Present-day malware analysis techniques use both virtualized and emulated environments to analyze malware. The reason is that such environments provide isolation and system restoring capabilities, which facilitate automated analysis of malware samples. However, there exists a class of malware, called VM-aware malware, which is capable of detecting such environments and then hide its malicious behavior to foil the analysis. Because of the artifacts introduced by virtualization or emulation layers, it has always been and will always be possible for malware to detect virtual environments. The definitive way to observe the actual behavior of VM-aware malware is to execute them in a system running on real hardware, which is called a "bare-metal" system. However, after each analysis, the system must be restored back to the previous clean state. This is because running a malware program can leave the system in an instable/insecure state and/or interfere with the results of a subsequent analysis run. Most of the available state-of-the-art system restore solutions are based on disk restoring and require a system reboot. This results in a significant downtime between each analysis. Because of this limitation, efficient automation of malware analysis in bare-metal systems has been a challenge.
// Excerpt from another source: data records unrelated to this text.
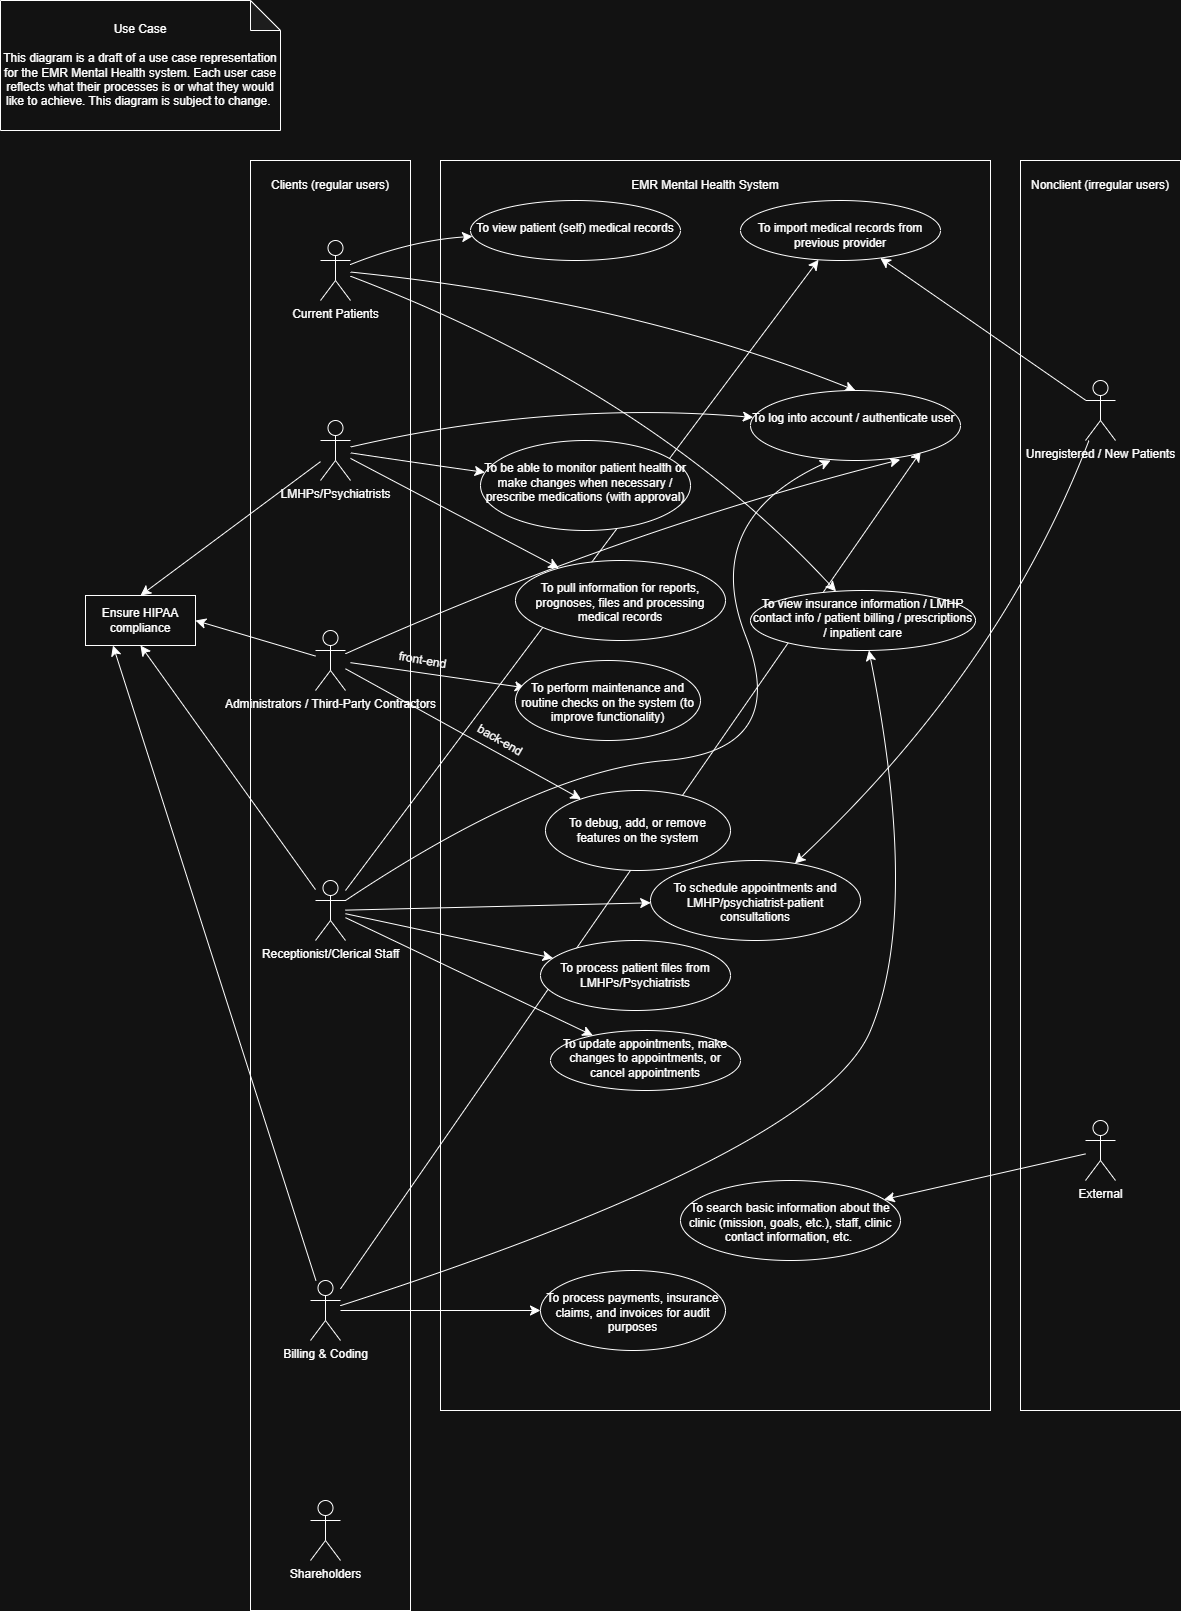

The diagram above was exported from draw.io. Its source (the exported page's mxGraphModel, read from the mxfile embedded in the PNG):
<mxGraphModel dx="1777" dy="420" grid="1" gridSize="10" guides="1" tooltips="1" connect="1" arrows="1" fold="1" page="1" pageScale="1" pageWidth="850" pageHeight="1100" math="0" shadow="0">
  <root>
    <mxCell id="0" />
    <mxCell id="1" parent="0" />
    <mxCell id="aNW-pg5Emffv7DCafVHj-62" parent="1" style="rounded=0;whiteSpace=wrap;html=1;" value="" vertex="1">
      <mxGeometry height="1250" width="160" x="600" y="350" as="geometry" />
    </mxCell>
    <mxCell id="aNW-pg5Emffv7DCafVHj-58" parent="1" style="rounded=0;whiteSpace=wrap;html=1;" value="" vertex="1">
      <mxGeometry height="1450" width="160" x="-170" y="350" as="geometry" />
    </mxCell>
    <mxCell id="aNW-pg5Emffv7DCafVHj-18" parent="1" style="rounded=0;whiteSpace=wrap;html=1;" value="" vertex="1">
      <mxGeometry height="1250" width="550" x="20" y="350" as="geometry" />
    </mxCell>
    <mxCell id="aNW-pg5Emffv7DCafVHj-51" edge="1" parent="1" source="aNW-pg5Emffv7DCafVHj-39" style="edgeStyle=none;curved=1;rounded=0;orthogonalLoop=1;jettySize=auto;html=1;fontSize=12;startSize=8;endSize=8;" target="aNW-pg5Emffv7DCafVHj-26" value="">
      <mxGeometry relative="1" as="geometry">
        <mxPoint x="635" y="750" as="targetPoint" />
      </mxGeometry>
    </mxCell>
    <mxCell id="JHBQRATgn49AtSPsgPQ7-7" parent="1" style="shape=note;whiteSpace=wrap;html=1;backgroundOutline=1;darkOpacity=0.05;" value="&lt;div&gt;Use Case&lt;/div&gt;&lt;div&gt;&lt;br&gt;&lt;/div&gt;This diagram is a draft of a use case representation for the EMR Mental Health system. Each user case reflects what their processes is or what they would like to achieve. This diagram is subject to change.&amp;nbsp;" vertex="1">
      <mxGeometry height="130" width="280" x="-420" y="190" as="geometry" />
    </mxCell>
    <mxCell id="aNW-pg5Emffv7DCafVHj-11" edge="1" parent="1" source="pGIPLWk4xfv9g42ME2Ww-1" style="edgeStyle=none;curved=1;rounded=0;orthogonalLoop=1;jettySize=auto;html=1;fontSize=12;startSize=8;endSize=8;entryX=0.5;entryY=0;entryDx=0;entryDy=0;" target="aNW-pg5Emffv7DCafVHj-12" value="">
      <mxGeometry relative="1" as="geometry">
        <Array as="points">
          <mxPoint x="210" y="490" />
        </Array>
        <mxPoint x="-274.35347537593975" y="591.8526783732055" as="targetPoint" />
      </mxGeometry>
    </mxCell>
    <mxCell id="aNW-pg5Emffv7DCafVHj-17" edge="1" parent="1" source="pGIPLWk4xfv9g42ME2Ww-1" style="edgeStyle=none;curved=1;rounded=0;orthogonalLoop=1;jettySize=auto;html=1;fontSize=12;startSize=8;endSize=8;" target="aNW-pg5Emffv7DCafVHj-16" value="">
      <mxGeometry relative="1" as="geometry">
        <Array as="points">
          <mxPoint x="-10" y="430" />
        </Array>
      </mxGeometry>
    </mxCell>
    <mxCell id="aNW-pg5Emffv7DCafVHj-21" edge="1" parent="1" source="pGIPLWk4xfv9g42ME2Ww-1" style="edgeStyle=none;curved=1;rounded=0;orthogonalLoop=1;jettySize=auto;html=1;fontSize=12;startSize=8;endSize=8;" target="aNW-pg5Emffv7DCafVHj-20" value="">
      <mxGeometry relative="1" as="geometry">
        <Array as="points">
          <mxPoint x="230" y="580" />
        </Array>
      </mxGeometry>
    </mxCell>
    <mxCell id="pGIPLWk4xfv9g42ME2Ww-1" parent="1" style="shape=umlActor;verticalLabelPosition=bottom;verticalAlign=top;html=1;outlineConnect=0;" value="Current Patients" vertex="1">
      <mxGeometry height="60" width="30" x="-100" y="430" as="geometry" />
    </mxCell>
    <mxCell id="aNW-pg5Emffv7DCafVHj-6" edge="1" parent="1" source="JHBQRATgn49AtSPsgPQ7-1" style="edgeStyle=none;curved=1;rounded=0;orthogonalLoop=1;jettySize=auto;html=1;fontSize=12;startSize=8;endSize=8;" target="aNW-pg5Emffv7DCafVHj-1" value="">
      <mxGeometry relative="1" as="geometry">
        <Array as="points">
          <mxPoint x="-20" y="650" />
        </Array>
      </mxGeometry>
    </mxCell>
    <mxCell id="aNW-pg5Emffv7DCafVHj-9" edge="1" parent="1" source="JHBQRATgn49AtSPsgPQ7-1" style="edgeStyle=none;curved=1;rounded=0;orthogonalLoop=1;jettySize=auto;html=1;fontSize=12;startSize=8;endSize=8;" target="aNW-pg5Emffv7DCafVHj-8" value="">
      <mxGeometry relative="1" as="geometry" />
    </mxCell>
    <mxCell id="aNW-pg5Emffv7DCafVHj-13" edge="1" parent="1" source="JHBQRATgn49AtSPsgPQ7-1" style="edgeStyle=none;curved=1;rounded=0;orthogonalLoop=1;jettySize=auto;html=1;fontSize=12;startSize=8;endSize=8;" target="aNW-pg5Emffv7DCafVHj-12" value="">
      <mxGeometry relative="1" as="geometry">
        <Array as="points">
          <mxPoint x="130" y="590" />
        </Array>
      </mxGeometry>
    </mxCell>
    <mxCell id="aNW-pg5Emffv7DCafVHj-54" edge="1" parent="1" source="JHBQRATgn49AtSPsgPQ7-1" style="edgeStyle=none;curved=1;rounded=0;orthogonalLoop=1;jettySize=auto;html=1;fontSize=12;startSize=8;endSize=8;entryX=0.5;entryY=0;entryDx=0;entryDy=0;" target="aNW-pg5Emffv7DCafVHj-55" value="">
      <mxGeometry relative="1" as="geometry">
        <mxPoint x="-50" y="770" as="targetPoint" />
      </mxGeometry>
    </mxCell>
    <mxCell id="JHBQRATgn49AtSPsgPQ7-1" parent="1" style="shape=umlActor;verticalLabelPosition=bottom;verticalAlign=top;html=1;outlineConnect=0;" value="LMHPs/Psychiatrists" vertex="1">
      <mxGeometry height="60" width="30" x="-100" y="610" as="geometry" />
    </mxCell>
    <mxCell id="JHBQRATgn49AtSPsgPQ7-6" edge="1" parent="1" style="edgeStyle=none;curved=1;rounded=0;orthogonalLoop=1;jettySize=auto;html=1;fontSize=12;startSize=8;endSize=8;" value="">
      <mxGeometry relative="1" as="geometry">
        <mxPoint x="-70" y="852.1603576811697" as="sourcePoint" />
        <mxPoint x="104.7626448597648" y="877.3303458281248" as="targetPoint" />
      </mxGeometry>
    </mxCell>
    <mxCell id="JHBQRATgn49AtSPsgPQ7-10" edge="1" parent="1" source="JHBQRATgn49AtSPsgPQ7-4" style="edgeStyle=none;curved=1;rounded=0;orthogonalLoop=1;jettySize=auto;html=1;fontSize=12;startSize=8;endSize=8;" target="JHBQRATgn49AtSPsgPQ7-12">
      <mxGeometry relative="1" as="geometry">
        <mxPoint x="80" y="890" as="targetPoint" />
      </mxGeometry>
    </mxCell>
    <mxCell id="aNW-pg5Emffv7DCafVHj-15" edge="1" parent="1" source="JHBQRATgn49AtSPsgPQ7-4" style="edgeStyle=none;curved=1;rounded=0;orthogonalLoop=1;jettySize=auto;html=1;fontSize=12;startSize=8;endSize=8;entryX=0.713;entryY=0.988;entryDx=0;entryDy=0;entryPerimeter=0;" target="aNW-pg5Emffv7DCafVHj-12" value="">
      <mxGeometry relative="1" as="geometry">
        <Array as="points">
          <mxPoint x="200" y="720" />
        </Array>
        <mxPoint x="-214.39007348090286" y="768.2190321725614" as="targetPoint" />
      </mxGeometry>
    </mxCell>
    <mxCell id="aNW-pg5Emffv7DCafVHj-57" edge="1" parent="1" source="JHBQRATgn49AtSPsgPQ7-4" style="edgeStyle=none;curved=1;rounded=0;orthogonalLoop=1;jettySize=auto;html=1;fontSize=12;startSize=8;endSize=8;entryX=1;entryY=0.5;entryDx=0;entryDy=0;" target="aNW-pg5Emffv7DCafVHj-55" value="">
      <mxGeometry relative="1" as="geometry">
        <mxPoint x="-175" y="860" as="targetPoint" />
      </mxGeometry>
    </mxCell>
    <mxCell id="JHBQRATgn49AtSPsgPQ7-4" parent="1" style="shape=umlActor;verticalLabelPosition=bottom;verticalAlign=top;html=1;outlineConnect=0;" value="Administrators / Third-Party Contractors" vertex="1">
      <mxGeometry height="60" width="30" x="-105" y="820" as="geometry" />
    </mxCell>
    <mxCell id="JHBQRATgn49AtSPsgPQ7-18" parent="1" style="text;html=1;whiteSpace=wrap;strokeColor=none;fillColor=none;align=center;verticalAlign=middle;rounded=0;rotation=10;" value="front-end" vertex="1">
      <mxGeometry height="20" width="75" x="-35" y="840" as="geometry" />
    </mxCell>
    <mxCell id="aNW-pg5Emffv7DCafVHj-16" parent="1" style="ellipse;whiteSpace=wrap;html=1;verticalAlign=top;" value="&lt;div&gt;&lt;br&gt;&lt;/div&gt;To view patient (self) medical records" vertex="1">
      <mxGeometry height="60" width="210" x="50" y="390" as="geometry" />
    </mxCell>
    <mxCell id="aNW-pg5Emffv7DCafVHj-19" parent="1" style="text;html=1;whiteSpace=wrap;strokeColor=none;fillColor=none;align=center;verticalAlign=middle;rounded=0;" value="EMR Mental Health System" vertex="1">
      <mxGeometry height="30" width="150" x="210" y="360" as="geometry" />
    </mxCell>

This paper presents the design, implementation, and evaluation of a malware analysis framework for bare-metal systems that is based on a fast and rebootless system restore technique. Live system restore is accomplished by restoring the entire physical memory of the analysis operating system from another, small operating system that runs outside of the target OS. By using this technique, we were able to perform a rebootless restore of a live Windows system, running on commodity hardware, within four seconds. We also analyzed 42 malware samples from seven different malware families, that are known to be "silent" in a virtualized or emulated environments, and all of them showed their true malicious behavior within our bare-metal analysis environment.
BareBox:高效的裸机恶意软件分析
当前的恶意软件分析技术使用虚拟化和仿真环境来分析恶意软件。原因是这样的环境提供了隔离和系统恢复功能,这有助于对恶意软件样本进行自动分析。然而,存在一类恶意软件,称为虚拟机感知恶意软件,它能够检测到这样的环境,然后隐藏其恶意行为以挫败分析。由于虚拟化或仿真层引入的工件,恶意软件一直并且将永远有可能检测到虚拟环境。观察虚拟机感知恶意软件的实际行为的确定方法是在运行在真实硬件上的系统中执行它们,这被称为“裸机”系统。但是,在每次分析之后,必须将系统恢复到以前的干净状态。这是因为运行恶意软件程序会使系统处于不稳定/不安全状态和/或干扰后续分析运行的结果。大多数可用的最先进的系统恢复解决方案都基于磁盘恢复,并且需要重新启动系统。这导致每次分析之间的停机时间很长。由于这种限制,在裸机系统中有效地自动化恶意软件分析一直是一个挑战。本文介绍了基于快速和无重启系统恢复技术的裸机系统恶意软件分析框架的设计、实现和评估。实时系统恢复是通过从另一个运行在目标操作系统之外的小型操作系统恢复分析操作系统的整个物理内存来完成的。通过使用这种技术,我们能够在4秒内对运行在普通硬件上的实时Windows系统执行无重启恢复。我们还分析了来自7个不同恶意软件家族的42个恶意软件样本,这些恶意软件在虚拟或模拟环境中被认为是“沉默的”,所有这些恶意软件在裸机分析环境中都表现出了真正的恶意行为。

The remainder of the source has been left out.